Remembering My Other Mother
This entry was posted on 9/10/2011 7:30 AM and is filed under Personally Speaking.
I write in the month that my other mother died at the age of ninety-nine. Vicki was my father's kid sister, the aunt who was happy to take me in when I ran away from home.
When I was twenty-two, she was in her early forties, ten years younger than my mother. Len and I, already married for two years, had just graduated from college and he was soon to embark on an advanced degree. For both strategic and financial reasons, he was spending the summer in the Nevada desert as field assistant for one of his soon to be Columbia professors. I was newly pregnant so this was not a good time for us to be apart, but I had a safe haven, parents who happily welcomed me home to await my husband's return.
This college graduate, wife and soon to be mother, became a child again, worse still, an adolescent. My mother was a loving and generous woman and in recent years, with miles between us, we got along very well. Now, returned to living under the parental roof, I bristled as she suggested improvements: a haircut, perhaps a blouse of a more becoming color, a more cheerful presence.
Of greater moment, I was unable to put aside feelings engendered just weeks before when Len and I, pressed together in a street corner phone booth, had called with the exciting news of our expected baby, a first grandchild. Vivid in memory was the question she asked: was it planned?
I fled to the small white cottage of my aunt in Lakeville, Connecticut. Vicki was then employed as an editor at Doubleday, and commuted weekly to New York City, returning home laden with manuscripts of aspiring authors. Recently divorced from her doctor husband (he still beloved in our family), she was raising her young son on her own. Divorce was then a rarity, and though unspoken, the family assumed she must have been at fault.

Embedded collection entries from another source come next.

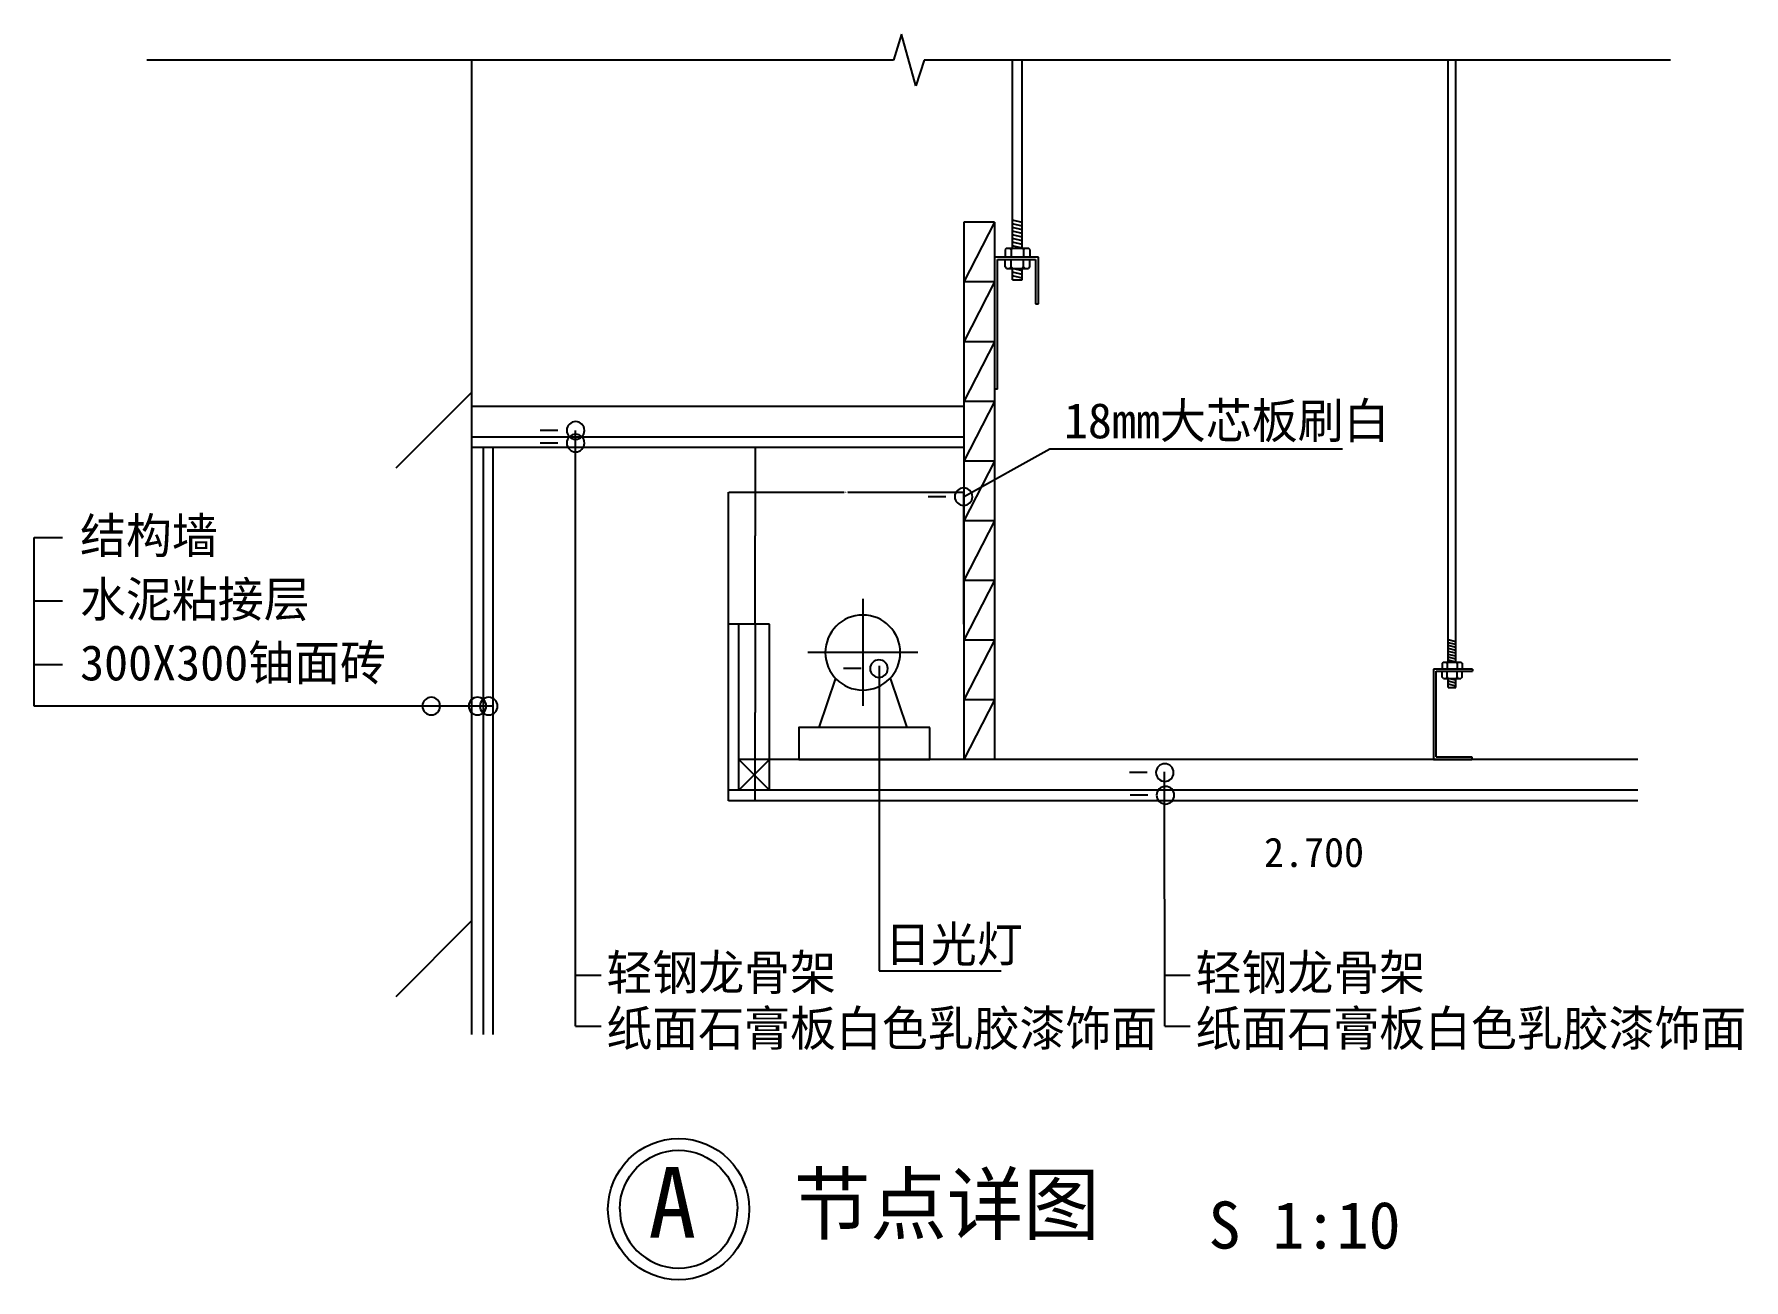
# Model space of a CAD drawing. Header units: metres. Extents: x 4809 to 6261, y -10391 to -9333.
import ezdxf

# ---------------------------------------------------------------- set-up
doc = ezdxf.new("R2010")
doc.units = ezdxf.units.M
for name, color, linetype in [('20', 1, 'Continuous'), ('6', 1, 'Continuous'), ('7', 7, 'Continuous'), ('8', 7, 'Continuous'), ('OTHER', 7, 'Continuous'), ('PUB_DIM', 3, 'Continuous'), ('PUB_HATCH', 7, 'Continuous'), ('PUB_TEXT', 7, 'Continuous'), ('WALL', 7, 'Continuous'), ('WINDOW', 2, 'Continuous'), ('填充', 2, 'Continuous')]:
    doc.layers.add(name, color=color, linetype=linetype)
doc.dimstyles.get("Standard").update_dxf_attribs({"dimtxt": 2.5, "dimasz": 2.5, "dimexe": 1.25, "dimexo": 0.625, "dimtad": 1, "dimcen": 2.5, "dimazin": 3, "dimtfac": 1, "dimtmove": 0, "dimatfit": 3})

# ---------------------------------------------------------------- blocks, each defined once
blk = doc.blocks.new('HY-4')
at = {"layer": '20'}
for points in [[(-5, 0, -1), (5, 0, -1)], [(-5, 0, 1), (5, 0, 1)]]:
    blk.add_lwpolyline(points, format="xyb", dxfattribs=at)
blk.add_circle((0, 0), 6, dxfattribs=at)
blk.add_circle((0, 0), 6, dxfattribs=at)
blk = doc.blocks.new('_DOT')
at = {"color": 0, "linetype": 'ByBlock'}
blk.add_line((-0.5, 0), (-1, 0), dxfattribs=at)
blk.add_lwpolyline([(-0.25, 0, 1), (0.25, 0, 1)], format="xyb", close=True, dxfattribs=at)
blk = doc.blocks.new('A$C51C67223')
at = {"layer": '20'}
for p, q in [((57, 136.46), (57, 45.62)), ((10.19, 90.95), (103.58, 90.95)), ((33.83, 69.09), (19.6, 27.37)), ((80.16, 69.09), (94.4, 27.37))]:
    blk.add_line(p, q, dxfattribs=at)
blk.add_lwpolyline([(0, 27.37), (111.24, 27.37), (111.24, 0), (0, 0)], close=True, dxfattribs=at)
blk.add_circle((57, 90.95), 31.85, dxfattribs=at)
blk = doc.blocks.new('_CLOSEDFILLED')
at = {"color": 0, "linetype": 'BYBLOCK'}
blk.add_solid([(-1, 0.2), (0, 0), (-1, -0.2)], dxfattribs=at)
blk = doc.blocks.new('*D1')
for p, q in [((5421.32, -9684.02), (5421.32, -9759.02)), ((5421.07, -9759.02), (5420.82, -9759.02)), ((5421.32, -9834.02), (5421.32, -9759.02)), ((5421.32, -9759.02), (5421.32, -9759.02)), ((5421.57, -9759.02), (5421.82, -9759.02))]:
    blk.add_line(p, q)
at = {"layer": 'Defpoints'}
for p in [(5421.32, -9684.02), (5421.32, -9759.02), (5421.32, -9834.02)]:
    blk.add_point(p, dxfattribs=at)
at = {"layer": 'PUB_DIM', "xscale": 0.25, "yscale": 0.25}
blk.add_blockref('_CLOSEDFILLED', (5421.32, -9759.02), dxfattribs=at)
at = {"layer": 'PUB_DIM', "xscale": 0.25, "yscale": 0.25, "rotation": 180}
blk.add_blockref('_CLOSEDFILLED', (5421.32, -9759.02), dxfattribs=at)
at = {"layer": 'PUB_DIM', "insert": (5421.32, -9757.895), "char_height": 1, "attachment_point": 5}
blk.add_mtext('0', dxfattribs=at)
blk = doc.blocks.new('*D2')
for p, q in [((5421.32, -9834.02), (5421.32, -9909.02)), ((5421.07, -9909.02), (5420.82, -9909.02)), ((5421.32, -9984.02), (5421.32, -9909.02)), ((5421.32, -9909.02), (5421.32, -9909.02)), ((5421.57, -9909.02), (5421.82, -9909.02))]:
    blk.add_line(p, q)
at = {"layer": 'Defpoints'}
for p in [(5421.32, -9834.02), (5421.32, -9909.02), (5421.32, -9984.02)]:
    blk.add_point(p, dxfattribs=at)
at = {"layer": 'PUB_DIM', "xscale": 0.25, "yscale": 0.25}
blk.add_blockref('_CLOSEDFILLED', (5421.32, -9909.02), dxfattribs=at)
at = {"layer": 'PUB_DIM', "xscale": 0.25, "yscale": 0.25, "rotation": 180}
blk.add_blockref('_CLOSEDFILLED', (5421.32, -9909.02), dxfattribs=at)
at = {"layer": 'PUB_DIM', "insert": (5421.32, -9907.895), "char_height": 1, "attachment_point": 5}
blk.add_mtext('0', dxfattribs=at)
blk = doc.blocks.new('*D3')
for p, q in [((5398.63, -9834.02), (5398.63, -9721.73)), ((5398.88, -9721.73), (5497.13, -9721.73)), ((5500.13, -9721.73), (5598.38, -9721.73)), ((5598.63, -9834.02), (5598.63, -9721.73))]:
    blk.add_line(p, q)
at = {"layer": 'Defpoints'}
for p in [(5398.63, -9721.73), (5398.63, -9834.02), (5598.63, -9834.02)]:
    blk.add_point(p, dxfattribs=at)
at = {"layer": 'PUB_DIM', "xscale": 0.25, "yscale": 0.25, "rotation": 180}
blk.add_blockref('_CLOSEDFILLED', (5398.63, -9721.73), dxfattribs=at)
at = {"layer": 'PUB_DIM', "xscale": 0.25, "yscale": 0.25}
blk.add_blockref('_CLOSEDFILLED', (5598.63, -9721.73), dxfattribs=at)
at = {"layer": 'PUB_DIM', "insert": (5498.63, -9721.73), "char_height": 1, "attachment_point": 5}
blk.add_mtext('200', dxfattribs=at)

msp = doc.modelspace()

# ---------------------------------------------------------------- hatches: boundary and pattern name
at = {"layer": '20'}
h = msp.add_hatch(dxfattribs=at)
h.set_pattern_fill('AR-SAND', scale=6)
h.paths.add_polyline_path([(5190.63, -9684.02), (5180.63, -9684.02), (5180.63, -10182.52), (5190.63, -10182.52)])
at = {"layer": '填充'}
h = msp.add_hatch(dxfattribs=at)
h.set_pattern_fill('ANSI31', scale=100)
h.paths.add_polyline_path([(5180.63, -9354.8), (5116.26, -9354.8), (5116.26, -10182.52), (5180.63, -10182.52)])

# ---------------------------------------------------------------- linework, layer by layer
at = {"layer": '20'}
for p, q in [((5180.63, -10182.52), (5180.63, -9354.8)), ((5598.63, -9492.58), (5598.63, -9949.02)), ((5624.63, -9492.58), (5624.63, -9949.02)), ((5598.63, -9649.02), (5180.63, -9649.02)), ((5598.63, -9675.02), (5180.63, -9675.02)), ((5190.63, -10182.52), (5190.63, -9684.02)), ((5407.63, -9975.02), (5407.63, -9834.02)), ((5407.63, -9975.02), (5407.63, -9834.02)), ((5433.63, -9975.02), (5433.63, -9834.02)), ((5433.63, -9975.02), (5433.63, -9834.02)), ((6171.27, -9949.02), (5407.63, -9949.02)), ((5433.63, -9975.02), (5407.63, -9949.02)), ((5433.63, -9949.02), (5407.63, -9975.02)), ((6171.27, -9975.02), (5398.63, -9975.02))]:
    msp.add_line(p, q, dxfattribs=at)
at = {"layer": '6'}
for p, q in [((5640.15, -9514.42), (5640.15, -9354.8)), ((5648.15, -9514.42), (5648.15, -9354.8)), ((6010.33, -9866.14), (6010.33, -9354.8)), ((6016.72, -9866.14), (6016.72, -9354.8)), ((5624.63, -9492.58), (5598.63, -9492.58)), ((5648.15, -9492.79), (5640.15, -9490.82)), ((5648.15, -9495.88), (5640.15, -9493.91)), ((5648.15, -9498.97), (5640.15, -9497)), ((5648.15, -9502.06), (5640.15, -9500.09)), ((5635.07, -9514.42), (5633.76, -9515.73)), ((5635.07, -9514.42), (5653.55, -9514.42)), ((5638.87, -9515.73), (5637.55, -9514.42)), ((5640.21, -9514.42), (5638.9, -9515.73)), ((5648.15, -9505.15), (5640.15, -9503.18)), ((5648.15, -9508.24), (5640.15, -9506.27)), ((5648.15, -9511.33), (5640.15, -9509.36)), ((5648.15, -9514.42), (5640.15, -9512.45)), ((5649.43, -9515.73), (5648.12, -9514.42)), ((5650.78, -9514.42), (5649.46, -9515.73)), ((5654.86, -9515.73), (5653.55, -9514.42)), ((5649.46, -9522.09), (5624.63, -9522.09)), ((5627.23, -9634.35), (5627.23, -9524.18)), ((5627.23, -9524.18), (5659.53, -9524.18)), ((5633.76, -9515.73), (5633.76, -9522.09)), ((5633.76, -9530.54), (5633.76, -9524.18)), ((5638.9, -9515.73), (5638.9, -9522.09)), ((5638.9, -9530.54), (5638.9, -9524.18)), ((5662.14, -9522.09), (5648.15, -9522.09)), ((5649.46, -9515.73), (5649.46, -9522.09)), ((5649.46, -9530.54), (5649.46, -9524.18)), ((5654.86, -9515.73), (5654.86, -9522.09)), ((5654.86, -9530.54), (5654.86, -9524.18)), ((5659.53, -9524.18), (5659.53, -9561.94)), ((5662.14, -9561.94), (5662.14, -9522.09)), ((5635.07, -9531.85), (5633.76, -9530.54)), ((5635.07, -9531.85), (5653.55, -9531.85)), ((5638.87, -9530.54), (5637.55, -9531.85)), ((5640.21, -9531.85), (5638.9, -9530.54)), ((5640.15, -9541.47), (5640.15, -9531.79)), ((5648.15, -9533.76), (5640.15, -9531.79)), ((5648.15, -9536.85), (5640.15, -9534.88)), ((5648.15, -9539.94), (5640.15, -9537.97)), ((5640.15, -9541.47), (5648.15, -9541.47)), ((5649.43, -9530.54), (5648.12, -9531.85)), ((5648.15, -9541.47), (5648.15, -9531.82)), ((5650.78, -9531.85), (5649.46, -9530.54)), ((5654.86, -9530.54), (5653.55, -9531.85)), ((5659.53, -9561.94), (5662.14, -9561.94)), ((5627.23, -9634.35), (5624.63, -9634.35)), ((5398.63, -9984.02), (5398.63, -9834.02)), ((6016.72, -9848.84), (6010.33, -9847.27)), ((6016.72, -9851.31), (6010.33, -9849.74)), ((6016.72, -9853.78), (6010.33, -9852.21)), ((6016.72, -9856.26), (6010.33, -9854.68)), ((6016.72, -9858.73), (6010.33, -9857.15)), ((6016.72, -9861.2), (6010.33, -9859.63)), ((6016.72, -9863.67), (6010.33, -9862.1)), ((5997.91, -9872.28), (5997.91, -9949.02)), ((6017.77, -9872.28), (5997.91, -9872.28)), ((5999.99, -9873.95), (6030.78, -9873.95)), ((5999.99, -9946.62), (5999.99, -9873.95)), ((6006.27, -9866.14), (6005.21, -9867.2)), ((6005.21, -9867.2), (6005.21, -9872.28)), ((6005.21, -9879.04), (6005.21, -9873.95)), ((6006.27, -9866.14), (6021.04, -9866.14)), ((6009.3, -9867.2), (6008.25, -9866.14)), ((6010.38, -9866.14), (6009.32, -9867.2)), ((6009.32, -9867.2), (6009.32, -9872.28)), ((6009.32, -9879.04), (6009.32, -9873.95)), ((6016.72, -9866.14), (6010.33, -9864.57)), ((6017.75, -9867.2), (6016.7, -9866.14)), ((6030.78, -9872.28), (6016.72, -9872.28)), ((6018.83, -9866.14), (6017.77, -9867.2)), ((6017.77, -9867.2), (6017.77, -9872.28)), ((6017.77, -9879.04), (6017.77, -9873.95)), ((6022.09, -9867.2), (6021.04, -9866.14)), ((6022.09, -9867.2), (6022.09, -9872.28)), ((6022.09, -9879.04), (6022.09, -9873.95)), ((6030.78, -9872.28), (6030.78, -9873.95)), ((5997.91, -9888.92), (5997.91, -9949.02)), ((6006.27, -9880.09), (6005.21, -9879.04)), ((6006.27, -9880.09), (6021.04, -9880.09)), ((6009.3, -9879.04), (6008.25, -9880.09)), ((6010.38, -9880.09), (6009.32, -9879.04)), ((6016.72, -9881.62), (6010.33, -9880.04)), ((6010.33, -9887.78), (6010.33, -9880.04)), ((6016.72, -9884.09), (6010.33, -9882.51)), ((6016.72, -9886.56), (6010.33, -9884.99)), ((6010.33, -9887.78), (6016.72, -9887.78)), ((6017.75, -9879.04), (6016.7, -9880.09)), ((6016.72, -9887.78), (6016.72, -9880.07)), ((6018.83, -9880.09), (6017.77, -9879.04)), ((6022.09, -9879.04), (6021.04, -9880.09)), ((5999.99, -9949.02), (5997.91, -9949.02)), ((5997.91, -9949.02), (6030.42, -9949.02)), ((5999.99, -9946.62), (6030.42, -9946.62)), ((6030.42, -9946.62), (6030.42, -9949.02))]:
    msp.add_line(p, q, dxfattribs=at)
at = {"layer": 'OTHER'}
for p, q in [((5545.86, -9332.8), (5538.86, -9354.8)), ((5557.86, -9376.8), (5545.86, -9332.8)), ((5538.86, -9354.8), (4904.45, -9354.8)), ((5564.86, -9354.8), (5557.86, -9376.8)), ((6199.27, -9354.8), (5564.86, -9354.8))]:
    msp.add_line(p, q, dxfattribs=at)
at = {"layer": 'PUB_HATCH'}
for p, q in [((5624.63, -9492.58), (5598.63, -9543.3)), ((5624.63, -9543.3), (5598.63, -9594.01)), ((5624.63, -9543.3), (5598.63, -9543.3)), ((5624.63, -9594.01), (5598.63, -9644.73)), ((5624.63, -9594.01), (5598.63, -9594.01)), ((5624.63, -9594.01), (5598.63, -9594.01)), ((5624.63, -9594.01), (5598.63, -9594.01)), ((5624.63, -9644.73), (5598.63, -9695.44)), ((5624.63, -9644.73), (5598.63, -9644.73)), ((5624.63, -9644.73), (5598.63, -9695.44)), ((5624.63, -9644.73), (5598.63, -9644.73)), ((5624.63, -9695.44), (5598.63, -9746.16)), ((5624.63, -9695.44), (5598.63, -9695.44)), ((5624.63, -9695.44), (5598.63, -9695.44)), ((5624.63, -9746.16), (5598.63, -9796.87)), ((5624.63, -9746.16), (5598.63, -9746.16)), ((5624.63, -9796.87), (5598.63, -9847.59)), ((5624.63, -9796.87), (5598.63, -9796.87)), ((5624.63, -9847.59), (5598.63, -9898.3)), ((5624.63, -9847.59), (5598.63, -9847.59)), ((5624.63, -9898.3), (5598.63, -9949.02)), ((5624.63, -9898.3), (5598.63, -9898.3))]:
    msp.add_line(p, q, dxfattribs=at)
at = {"layer": 'PUB_TEXT'}
for p, q in [((5268.81, -10175.51), (5268.81, -9669.35)), ((5598.52, -9725.66), (5671.73, -9685.09)), ((5671.73, -9685.09), (5920.51, -9685.09)), ((4808.75, -9903.62), (4808.75, -9760.27)), ((4808.75, -9760.27), (4832.75, -9760.27)), ((4808.75, -9814.27), (4832.75, -9814.27)), ((4808.75, -9868.27), (4832.75, -9868.27)), ((5526.86, -9869.39), (5526.86, -10128.32)), ((5198.63, -9903.62), (4808.75, -9903.62)), ((5769.39, -10175.51), (5769.32, -9959.47)), ((5268.81, -10132.13), (5290.52, -10132.13)), ((5526.86, -10128.32), (5630.36, -10128.32)), ((5769.39, -10132.13), (5791.1, -10132.13)), ((5268.81, -10175.51), (5290.52, -10175.51)), ((5769.39, -10175.51), (5791.1, -10175.51))]:
    msp.add_line(p, q, dxfattribs=at)
at = {"layer": 'WALL'}
for p, q in [((5598.63, -9684.02), (5180.63, -9684.02)), ((5198.63, -10182.52), (5198.63, -9684.02)), ((5433.63, -9834.02), (5398.63, -9834.02)), ((5398.63, -9984.02), (5398.63, -9834.02)), ((5398.63, -9984.02), (5398.63, -9834.02)), ((5433.63, -9834.02), (5398.63, -9834.02)), ((6171.27, -9984.02), (5398.63, -9984.02)), ((5598.63, -9984.02), (5398.63, -9984.02)), ((6171.27, -9984.02), (5448.63, -9984.02)), ((5598.63, -9984.02), (5448.63, -9984.02))]:
    msp.add_line(p, q, dxfattribs=at)

# ---------------------------------------------------------------- block references
at = {"layer": '8', "xscale": 10, "yscale": 10, "zscale": 10}
msp.add_blockref('HY-4', (5356.31, -10330.92), dxfattribs=at)
at = {"layer": 'PUB_TEXT', "xscale": 30, "yscale": 30, "zscale": 30}
for p in [(5268.81, -9669.35), (5268.81, -9680.09), (5598.52, -9725.66), (5526.55, -9871.76), (5146.17, -9903.57), (5185.44, -9903.57), (5194.99, -9903.62), (5769.47, -9960.06), (5770.01, -9979.25)]:
    msp.add_blockref('_DOT', p, dxfattribs=at)
at = {"layer": 'WINDOW', "xscale": -1}
msp.add_blockref('A$C51C67223', (5569.84, -9949.02), dxfattribs=at)

# ---------------------------------------------------------------- texts
for s, height, p in [('A', 60, (5330.53, -10355.2)), ('节点详图', 50, (5454.24, -10351.62)), ('S 1:10', 40, (5806.59, -10364.41))]:
    msp.add_text(s, height=height).set_placement(p)
at = {"layer": '7'}
msp.add_text('2.700', height=25, dxfattribs=at).set_placement((5853.73, -10040.25))
at = {"layer": 'PUB_TEXT'}
for s, p in [('18mm大芯板刷白', (5683.73, -9676.09)), ('结构墙', (4847.75, -9773.77)), ('水泥粘接层', (4847.75, -9827.77)), ('300X300铀面砖', (4847.75, -9881.77)), ('日光灯', (5531.66, -10120.82)), ('轻钢龙骨架', (5295.02, -10144.87)), ('轻钢龙骨架', (5795.6, -10144.87)), ('纸面石膏板白色乳胶漆饰面', (5295.02, -10192.31)), ('纸面石膏板白色乳胶漆饰面', (5795.6, -10192.31))]:
    msp.add_text(s, height=30, dxfattribs=at).set_placement(p)

# ---------------------------------------------------------------- dimensions: what is measured, and where the dimension line sits
at = {"layer": 'PUB_DIM'}
for base, p1, p2, picture, middle in [((5421.32, -9759.02), (5421.32, -9684.02), (5421.32, -9834.02), '*D1', (5421.32, -9757.895)), ((5398.63, -9721.73), (5398.63, -9834.02), (5598.63, -9834.02), '*D3', (5498.63, -9721.73)), ((5421.32, -9909.02), (5421.32, -9834.02), (5421.32, -9984.02), '*D2', (5421.32, -9907.895))]:
    dim = msp.add_linear_dim(base=base, p1=p1, p2=p2, dimstyle='Standard', dxfattribs=at)
    dim.commit()
    dim.dimension.update_dxf_attribs({"geometry": picture, "text_midpoint": middle})

doc.saveas('drawing.dxf')

My mother and my aunt were loving competitors, first for my father's affection (and of course, my mother won that round) and then for mine. Vicki was delighted to harbor her runaway niece, no doubt pleased to be the winner of this tug of war. I was offered entry into the excitement of the publishing world and a glimpse into the life of an independent career woman, sophisticated and defiant. But most of all, I was given unconditional acceptance.
Over the next thirty years, our relationship thinned as we each moved to distant states and she remarried. We became close again many years later, after my mother's death, but my mother won the middle rounds.
How grand to be welcomed and loved without reservation by an other mother, with the accumulated wisdom of the generation before. Tender care without the admonitions or questions that all mothers must labor to suppress once their children are grown.
I expect many can identify those adults, aunts, uncles,neighbors or teachers, who have taken on the mantle of wise elder without the tensions inherent in the ties that bind parent and child.
Love and protection, offered while having no investment in another's perfection, can be a wonderful gift.